Assignment: Could you restate, exactly and with nothing added, the lines from the start of the data through the line that holds "Line((-9.5, 45), (-6.75, 45))", leaving the pictures out?

Data records:
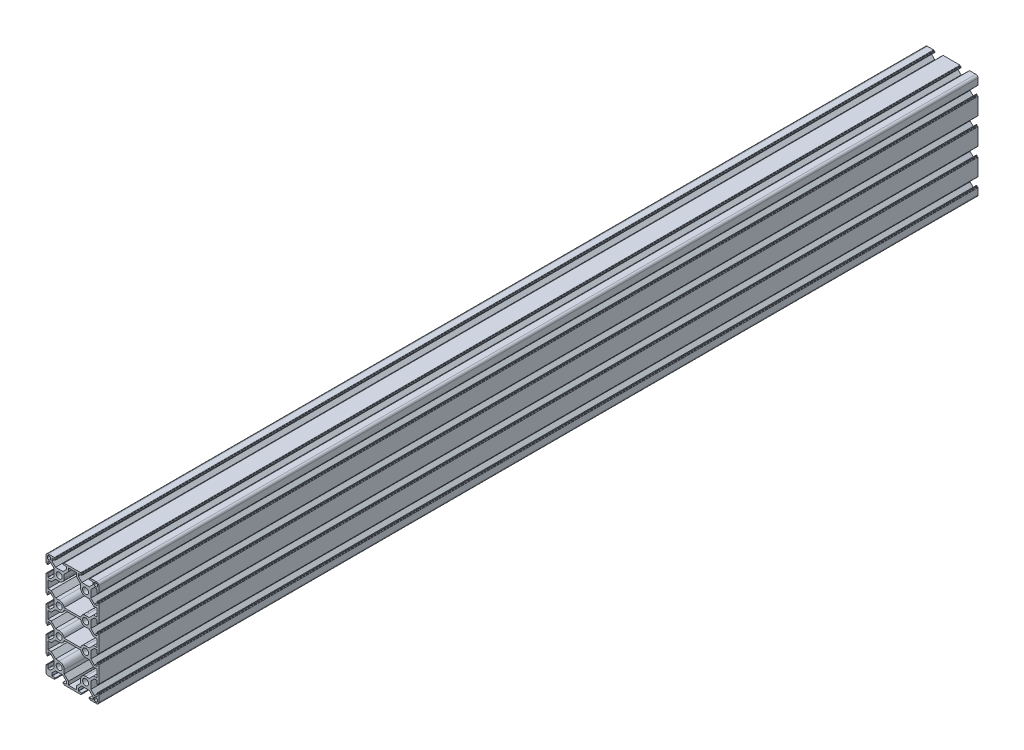
from build123d import *

# Parameters (mm, degrees)
SKETCH_1_R      = 3.4
EXTRUDE_1_DEPTH = 1000


with BuildPart() as part:
    # Эскиз1 → Бобышка-Вытянуть1 (new body)
    with BuildSketch(Plane.XY):
        with BuildLine():
            Line((-30, 38.25), (-30, 42.5))
            ThreePointArc((-30, 42.5), (-29.267766953, 44.267766953), (-27.5, 45))
            Line((-27.5, 45), (-23.25, 45))
            Line((-23.25, 45), (-20.5, 45))
            ThreePointArc((-20.5, 45), (-20.287867966, 44.912132034), (-20.2, 44.7))
            Line((-20.2, 44.7), (-20.2, 44.3))
            ThreePointArc((-20.2, 44.3), (-20.112132034, 44.087867966), (-19.9, 44))
            Line((-19.9, 44), (-19.4, 44))
            ThreePointArc((-19.4, 44), (-19.187867966, 43.912132034), (-19.1, 43.7))
            Line((-19.1, 43.7), (-19.1, 43.3))
            ThreePointArc((-19.1, 43.3), (-19.187867966, 43.087867966), (-19.4, 43))
            Line((-19.4, 43), (-22.95, 43))
            ThreePointArc((-22.95, 43), (-23.162132034, 42.912132034), (-23.25, 42.7))
            Line((-23.25, 42.7), (-23.25, 40.05))
            Line((-23.25, 40.05), (-19.2, 36))
            Line((-19.2, 36), (-10.8, 36))
            Line((-10.8, 36), (-6.75, 40.05))
            Line((-6.75, 40.05), (-6.75, 42.7))
            ThreePointArc((-6.75, 42.7), (-6.837867966, 42.912132034), (-7.05, 43))
            Line((-7.05, 43), (-10.6, 43))
            ThreePointArc((-10.6, 43), (-10.812132034, 43.087867966), (-10.9, 43.3))
            Line((-10.9, 43.3), (-10.9, 43.7))
            ThreePointArc((-10.9, 43.7), (-10.812132034, 43.912132034), (-10.6, 44))
            Line((-10.6, 44), (-10.1, 44))
            ThreePointArc((-10.1, 44), (-9.887867966, 44.087867966), (-9.8, 44.3))
            Line((-9.8, 44.3), (-9.8, 44.7))
            ThreePointArc((-9.8, 44.7), (-9.712132034, 44.912132034), (-9.5, 45))
            Line((-9.5, 45), (-6.75, 45))
            Line((-6.75, 45), (6.75, 45))
            Line((6.75, 45), (9.5, 45))
            ThreePointArc((9.5, 45), (9.712132034, 44.912132034), (9.8, 44.7))
            Line((9.8, 44.7), (9.8, 44.3))
            ThreePointArc((9.8, 44.3), (9.887867966, 44.087867966), (10.1, 44))
            Line((10.1, 44), (10.6, 44))
            ThreePointArc((10.6, 44), (10.812132034, 43.912132034), (10.9, 43.7))
            Line((10.9, 43.7), (10.9, 43.3))
            ThreePointArc((10.9, 43.3), (10.812132034, 43.087867966), (10.6, 43))
            Line((10.6, 43), (7.05, 43))
            ThreePointArc((7.05, 43), (6.837867966, 42.912132034), (6.75, 42.7))
            Line((6.75, 42.7), (6.75, 40.05))
            Line((6.75, 40.05), (10.8, 36))
            Line((10.8, 36), (19.2, 36))
            Line((19.2, 36), (23.25, 40.05))
            Line((23.25, 40.05), (23.25, 42.7))
            ThreePointArc((23.25, 42.7), (23.162132034, 42.912132034), (22.95, 43))
            Line((22.95, 43), (19.4, 43))
            ThreePointArc((19.4, 43), (19.187867966, 43.087867966), (19.1, 43.3))
            Line((19.1, 43.3), (19.1, 43.7))
            ThreePointArc((19.1, 43.7), (19.187867966, 43.912132034), (19.4, 44))
            Line((19.4, 44), (19.9, 44))
            ThreePointArc((19.9, 44), (20.112132034, 44.087867966), (20.2, 44.3))
            Line((20.2, 44.3), (20.2, 44.7))
            ThreePointArc((20.2, 44.7), (20.287867966, 44.912132034), (20.5, 45))
            Line((20.5, 45), (23.25, 45))
            Line((23.25, 45), (27.5, 45))
            ThreePointArc((27.5, 45), (29.267766953, 44.267766953), (30, 42.5))
            Line((30, 42.5), (30, 38.25))
            Line((30, 38.25), (30, 35.5))
            ThreePointArc((30, 35.5), (29.912132034, 35.287867966), (29.7, 35.2))
            Line((29.7, 35.2), (29.3, 35.2))
            ThreePointArc((29.3, 35.2), (29.087867966, 35.112132034), (29, 34.9))
            Line((29, 34.9), (29, 34.4))
            ThreePointArc((29, 34.4), (28.912132034, 34.187867966), (28.7, 34.1))
            Line((28.7, 34.1), (28.3, 34.1))
            ThreePointArc((28.3, 34.1), (28.087867966, 34.187867966), (28, 34.4))
            Line((28, 34.4), (28, 37.95))
            ThreePointArc((28, 37.95), (27.912132034, 38.162132034), (27.7, 38.25))
            Line((27.7, 38.25), (25.05, 38.25))
            Line((25.05, 38.25), (21, 34.2))
            Line((21, 34.2), (21, 25.8))
            Line((21, 25.8), (25.05, 21.75))
            Line((25.05, 21.75), (27.7, 21.75))
            ThreePointArc((27.7, 21.75), (27.912132034, 21.837867966), (28, 22.05))
            Line((28, 22.05), (28, 25.6))
            ThreePointArc((28, 25.6), (28.087867966, 25.812132034), (28.3, 25.9))
            Line((28.3, 25.9), (28.7, 25.9))
            ThreePointArc((28.7, 25.9), (28.912132034, 25.812132034), (29, 25.6))
            Line((29, 25.6), (29, 25.1))
            ThreePointArc((29, 25.1), (29.087867966, 24.887867966), (29.3, 24.8))
            Line((29.3, 24.8), (29.7, 24.8))
            ThreePointArc((29.7, 24.8), (29.912132034, 24.712132034), (30, 24.5))
            Line((30, 24.5), (30, 21.75))
            Line((30, 21.75), (30, 8.25))
            Line((30, 8.25), (30, 5.5))
            ThreePointArc((30, 5.5), (29.912132034, 5.287867966), (29.7, 5.2))
            Line((29.7, 5.2), (29.3, 5.2))
            ThreePointArc((29.3, 5.2), (29.087867966, 5.112132034), (29, 4.9))
            Line((29, 4.9), (29, 4.4))
            ThreePointArc((29, 4.4), (28.912132034, 4.187867966), (28.7, 4.1))
            Line((28.7, 4.1), (28.3, 4.1))
            ThreePointArc((28.3, 4.1), (28.087867966, 4.187867966), (28, 4.4))
            Line((28, 4.4), (28, 7.95))
            ThreePointArc((28, 7.95), (27.912132034, 8.162132034), (27.7, 8.25))
            Line((27.7, 8.25), (25.05, 8.25))
            Line((25.05, 8.25), (21, 4.2))
            Line((21, 4.2), (21, -4.2))
            Line((21, -4.2), (25.05, -8.25))
            Line((25.05, -8.25), (27.7, -8.25))
            ThreePointArc((27.7, -8.25), (27.912132034, -8.162132034), (28, -7.95))
            Line((28, -7.95), (28, -4.4))
            ThreePointArc((28, -4.4), (28.087867966, -4.187867966), (28.3, -4.1))
            Line((28.3, -4.1), (28.7, -4.1))
            ThreePointArc((28.7, -4.1), (28.912132034, -4.187867966), (29, -4.4))
            Line((29, -4.4), (29, -4.9))
            ThreePointArc((29, -4.9), (29.087867966, -5.112132034), (29.3, -5.2))
            Line((29.3, -5.2), (29.7, -5.2))
            ThreePointArc((29.7, -5.2), (29.912132034, -5.287867966), (30, -5.5))
            Line((30, -5.5), (30, -8.25))
            Line((30, -8.25), (30, -21.75))
            Line((30, -21.75), (30, -24.5))
            ThreePointArc((30, -24.5), (29.912132034, -24.712132034), (29.7, -24.8))
            Line((29.7, -24.8), (29.3, -24.8))
            ThreePointArc((29.3, -24.8), (29.087867966, -24.887867966), (29, -25.1))
            Line((29, -25.1), (29, -25.6))
            ThreePointArc((29, -25.6), (28.912132034, -25.812132034), (28.7, -25.9))
            Line((28.7, -25.9), (28.3, -25.9))
            ThreePointArc((28.3, -25.9), (28.087867966, -25.812132034), (28, -25.6))
            Line((28, -25.6), (28, -22.05))
            ThreePointArc((28, -22.05), (27.912132034, -21.837867966), (27.7, -21.75))
            Line((27.7, -21.75), (25.05, -21.75))
            Line((25.05, -21.75), (21, -25.8))
            Line((21, -25.8), (21, -34.2))
            Line((21, -34.2), (25.05, -38.25))
            Line((25.05, -38.25), (27.7, -38.25))
            ThreePointArc((27.7, -38.25), (27.912132034, -38.162132034), (28, -37.95))
            Line((28, -37.95), (28, -34.4))
            ThreePointArc((28, -34.4), (28.087867966, -34.187867966), (28.3, -34.1))
            Line((28.3, -34.1), (28.7, -34.1))
            ThreePointArc((28.7, -34.1), (28.912132034, -34.187867966), (29, -34.4))
            Line((29, -34.4), (29, -34.9))
            ThreePointArc((29, -34.9), (29.087867966, -35.112132034), (29.3, -35.2))
            Line((29.3, -35.2), (29.7, -35.2))
            ThreePointArc((29.7, -35.2), (29.912132034, -35.287867966), (30, -35.5))
            Line((30, -35.5), (30, -38.25))
            Line((30, -38.25), (30, -51.75))
            Line((30, -51.75), (30, -54.5))
            ThreePointArc((30, -54.5), (29.912132034, -54.712132034), (29.7, -54.8))
            Line((29.7, -54.8), (29.3, -54.8))
            ThreePointArc((29.3, -54.8), (29.087867966, -54.887867966), (29, -55.1))
            Line((29, -55.1), (29, -55.6))
            ThreePointArc((29, -55.6), (28.912132034, -55.812132034), (28.7, -55.9))
            Line((28.7, -55.9), (28.3, -55.9))
            ThreePointArc((28.3, -55.9), (28.087867966, -55.812132034), (28, -55.6))
            Line((28, -55.6), (28, -52.05))
            ThreePointArc((28, -52.05), (27.912132034, -51.837867966), (27.7, -51.75))
            Line((27.7, -51.75), (25.05, -51.75))
            Line((25.05, -51.75), (21, -55.8))
            Line((21, -55.8), (21, -64.2))
            Line((21, -64.2), (25.05, -68.25))
            Line((25.05, -68.25), (27.7, -68.25))
            ThreePointArc((27.7, -68.25), (27.912132034, -68.162132034), (28, -67.95))
            Line((28, -67.95), (28, -64.4))
            ThreePointArc((28, -64.4), (28.087867966, -64.187867966), (28.3, -64.1))
            Line((28.3, -64.1), (28.7, -64.1))
            ThreePointArc((28.7, -64.1), (28.912132034, -64.187867966), (29, -64.4))
            Line((29, -64.4), (29, -64.9))
            ThreePointArc((29, -64.9), (29.087867966, -65.112132034), (29.3, -65.2))
            Line((29.3, -65.2), (29.7, -65.2))
            ThreePointArc((29.7, -65.2), (29.912132034, -65.287867966), (30, -65.5))
            Line((30, -65.5), (30, -68.25))
            Line((30, -68.25), (30, -72.5))
            ThreePointArc((30, -72.5), (29.267766953, -74.267766953), (27.5, -75))
            Line((27.5, -75), (23.25, -75))
            Line((23.25, -75), (20.5, -75))
            ThreePointArc((20.5, -75), (20.287867966, -74.912132034), (20.2, -74.7))
            Line((20.2, -74.7), (20.2, -74.3))
            ThreePointArc((20.2, -74.3), (20.112132034, -74.087867966), (19.9, -74))
            Line((19.9, -74), (19.4, -74))
            ThreePointArc((19.4, -74), (19.187867966, -73.912132034), (19.1, -73.7))
            Line((19.1, -73.7), (19.1, -73.3))
            ThreePointArc((19.1, -73.3), (19.187867966, -73.087867966), (19.4, -73))
            Line((19.4, -73), (22.95, -73))
            ThreePointArc((22.95, -73), (23.162132034, -72.912132034), (23.25, -72.7))
            Line((23.25, -72.7), (23.25, -70.05))
            Line((23.25, -70.05), (19.2, -66))
            Line((19.2, -66), (10.8, -66))
            Line((10.8, -66), (6.75, -70.05))
            Line((6.75, -70.05), (6.75, -72.7))
            ThreePointArc((6.75, -72.7), (6.837867966, -72.912132034), (7.05, -73))
            Line((7.05, -73), (10.6, -73))
            ThreePointArc((10.6, -73), (10.812132034, -73.087867966), (10.9, -73.3))
            Line((10.9, -73.3), (10.9, -73.7))
            ThreePointArc((10.9, -73.7), (10.812132034, -73.912132034), (10.6, -74))
            Line((10.6, -74), (10.1, -74))
            ThreePointArc((10.1, -74), (9.887867966, -74.087867966), (9.8, -74.3))
            Line((9.8, -74.3), (9.8, -74.7))
            ThreePointArc((9.8, -74.7), (9.712132034, -74.912132034), (9.5, -75))
            Line((9.5, -75), (6.75, -75))
            Line((6.75, -75), (-6.75, -75))
            Line((-6.75, -75), (-9.5, -75))
            ThreePointArc((-9.5, -75), (-9.712132034, -74.912132034), (-9.8, -74.7))
            Line((-9.8, -74.7), (-9.8, -74.3))
            ThreePointArc((-9.8, -74.3), (-9.887867966, -74.087867966), (-10.1, -74))
            Line((-10.1, -74), (-10.6, -74))
            ThreePointArc((-10.6, -74), (-10.812132034, -73.912132034), (-10.9, -73.7))
            Line((-10.9, -73.7), (-10.9, -73.3))
            ThreePointArc((-10.9, -73.3), (-10.812132034, -73.087867966), (-10.6, -73))
            Line((-10.6, -73), (-7.05, -73))
            ThreePointArc((-7.05, -73), (-6.837867966, -72.912132034), (-6.75, -72.7))
            Line((-6.75, -72.7), (-6.75, -70.05))
            Line((-6.75, -70.05), (-10.8, -66))
            Line((-10.8, -66), (-19.2, -66))
            Line((-19.2, -66), (-23.25, -70.05))
            Line((-23.25, -70.05), (-23.25, -72.7))
            ThreePointArc((-23.25, -72.7), (-23.162132034, -72.912132034), (-22.95, -73))
            Line((-22.95, -73), (-19.4, -73))
            ThreePointArc((-19.4, -73), (-19.187867966, -73.087867966), (-19.1, -73.3))
            Line((-19.1, -73.3), (-19.1, -73.7))
            ThreePointArc((-19.1, -73.7), (-19.187867966, -73.912132034), (-19.4, -74))
            Line((-19.4, -74), (-19.9, -74))
            ThreePointArc((-19.9, -74), (-20.112132034, -74.087867966), (-20.2, -74.3))
            Line((-20.2, -74.3), (-20.2, -74.7))
            ThreePointArc((-20.2, -74.7), (-20.287867966, -74.912132034), (-20.5, -75))
            Line((-20.5, -75), (-23.25, -75))
            Line((-23.25, -75), (-27.5, -75))
            ThreePointArc((-27.5, -75), (-29.267766953, -74.267766953), (-30, -72.5))
            Line((-30, -72.5), (-30, -68.25))
            Line((-30, -68.25), (-30, -65.5))
            ThreePointArc((-30, -65.5), (-29.912132034, -65.287867966), (-29.7, -65.2))
            Line((-29.7, -65.2), (-29.3, -65.2))
            ThreePointArc((-29.3, -65.2), (-29.087867966, -65.112132034), (-29, -64.9))
            Line((-29, -64.9), (-29, -64.4))
            ThreePointArc((-29, -64.4), (-28.912132034, -64.187867966), (-28.7, -64.1))
            Line((-28.7, -64.1), (-28.3, -64.1))
            ThreePointArc((-28.3, -64.1), (-28.087867966, -64.187867966), (-28, -64.4))
            Line((-28, -64.4), (-28, -67.95))
            ThreePointArc((-28, -67.95), (-27.912132034, -68.162132034), (-27.7, -68.25))
            Line((-27.7, -68.25), (-25.05, -68.25))
            Line((-25.05, -68.25), (-21, -64.2))
            Line((-21, -64.2), (-21, -55.8))
            Line((-21, -55.8), (-25.05, -51.75))
            Line((-25.05, -51.75), (-27.7, -51.75))
            ThreePointArc((-27.7, -51.75), (-27.912132034, -51.837867966), (-28, -52.05))
            Line((-28, -52.05), (-28, -55.6))
            ThreePointArc((-28, -55.6), (-28.087867966, -55.812132034), (-28.3, -55.9))
            Line((-28.3, -55.9), (-28.7, -55.9))
            ThreePointArc((-28.7, -55.9), (-28.912132034, -55.812132034), (-29, -55.6))
            Line((-29, -55.6), (-29, -55.1))
            ThreePointArc((-29, -55.1), (-29.087867966, -54.887867966), (-29.3, -54.8))
            Line((-29.3, -54.8), (-29.7, -54.8))
            ThreePointArc((-29.7, -54.8), (-29.912132034, -54.712132034), (-30, -54.5))
            Line((-30, -54.5), (-30, -51.75))
            Line((-30, -51.75), (-30, -38.25))
            Line((-30, -38.25), (-30, -35.5))
            ThreePointArc((-30, -35.5), (-29.912132034, -35.287867966), (-29.7, -35.2))
            Line((-29.7, -35.2), (-29.3, -35.2))
            ThreePointArc((-29.3, -35.2), (-29.087867966, -35.112132034), (-29, -34.9))
            Line((-29, -34.9), (-29, -34.4))
            ThreePointArc((-29, -34.4), (-28.912132034, -34.187867966), (-28.7, -34.1))
            Line((-28.7, -34.1), (-28.3, -34.1))
            ThreePointArc((-28.3, -34.1), (-28.087867966, -34.187867966), (-28, -34.4))
            Line((-28, -34.4), (-28, -37.95))
            ThreePointArc((-28, -37.95), (-27.912132034, -38.162132034), (-27.7, -38.25))
            Line((-27.7, -38.25), (-25.05, -38.25))
            Line((-25.05, -38.25), (-21, -34.2))
            Line((-21, -34.2), (-21, -25.8))
            Line((-21, -25.8), (-25.05, -21.75))
            Line((-25.05, -21.75), (-27.7, -21.75))
            ThreePointArc((-27.7, -21.75), (-27.912132034, -21.837867966), (-28, -22.05))
            Line((-28, -22.05), (-28, -25.6))
            ThreePointArc((-28, -25.6), (-28.087867966, -25.812132034), (-28.3, -25.9))
            Line((-28.3, -25.9), (-28.7, -25.9))
            ThreePointArc((-28.7, -25.9), (-28.912132034, -25.812132034), (-29, -25.6))
            Line((-29, -25.6), (-29, -25.1))
            ThreePointArc((-29, -25.1), (-29.087867966, -24.887867966), (-29.3, -24.8))
            Line((-29.3, -24.8), (-29.7, -24.8))
            ThreePointArc((-29.7, -24.8), (-29.912132034, -24.712132034), (-30, -24.5))
            Line((-30, -24.5), (-30, -21.75))
            Line((-30, -21.75), (-30, -8.25))
            Line((-30, -8.25), (-30, -5.5))
            ThreePointArc((-30, -5.5), (-29.912132034, -5.287867966), (-29.7, -5.2))
            Line((-29.7, -5.2), (-29.3, -5.2))
            ThreePointArc((-29.3, -5.2), (-29.087867966, -5.112132034), (-29, -4.9))
            Line((-29, -4.9), (-29, -4.4))
            ThreePointArc((-29, -4.4), (-28.912132034, -4.187867966), (-28.7, -4.1))
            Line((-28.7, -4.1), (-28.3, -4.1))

Answer:
from build123d import *

# Parameters (mm, degrees)
SKETCH_1_R      = 3.4
EXTRUDE_1_DEPTH = 1000


with BuildPart() as part:
    # Эскиз1 → Бобышка-Вытянуть1 (new body)
    with BuildSketch(Plane.XY):
        with BuildLine():
            Line((-30, 38.25), (-30, 42.5))
            ThreePointArc((-30, 42.5), (-29.267766953, 44.267766953), (-27.5, 45))
            Line((-27.5, 45), (-23.25, 45))
            Line((-23.25, 45), (-20.5, 45))
            ThreePointArc((-20.5, 45), (-20.287867966, 44.912132034), (-20.2, 44.7))
            Line((-20.2, 44.7), (-20.2, 44.3))
            ThreePointArc((-20.2, 44.3), (-20.112132034, 44.087867966), (-19.9, 44))
            Line((-19.9, 44), (-19.4, 44))
            ThreePointArc((-19.4, 44), (-19.187867966, 43.912132034), (-19.1, 43.7))
            Line((-19.1, 43.7), (-19.1, 43.3))
            ThreePointArc((-19.1, 43.3), (-19.187867966, 43.087867966), (-19.4, 43))
            Line((-19.4, 43), (-22.95, 43))
            ThreePointArc((-22.95, 43), (-23.162132034, 42.912132034), (-23.25, 42.7))
            Line((-23.25, 42.7), (-23.25, 40.05))
            Line((-23.25, 40.05), (-19.2, 36))
            Line((-19.2, 36), (-10.8, 36))
            Line((-10.8, 36), (-6.75, 40.05))
            Line((-6.75, 40.05), (-6.75, 42.7))
            ThreePointArc((-6.75, 42.7), (-6.837867966, 42.912132034), (-7.05, 43))
            Line((-7.05, 43), (-10.6, 43))
            ThreePointArc((-10.6, 43), (-10.812132034, 43.087867966), (-10.9, 43.3))
            Line((-10.9, 43.3), (-10.9, 43.7))
            ThreePointArc((-10.9, 43.7), (-10.812132034, 43.912132034), (-10.6, 44))
            Line((-10.6, 44), (-10.1, 44))
            ThreePointArc((-10.1, 44), (-9.887867966, 44.087867966), (-9.8, 44.3))
            Line((-9.8, 44.3), (-9.8, 44.7))
            ThreePointArc((-9.8, 44.7), (-9.712132034, 44.912132034), (-9.5, 45))
            Line((-9.5, 45), (-6.75, 45))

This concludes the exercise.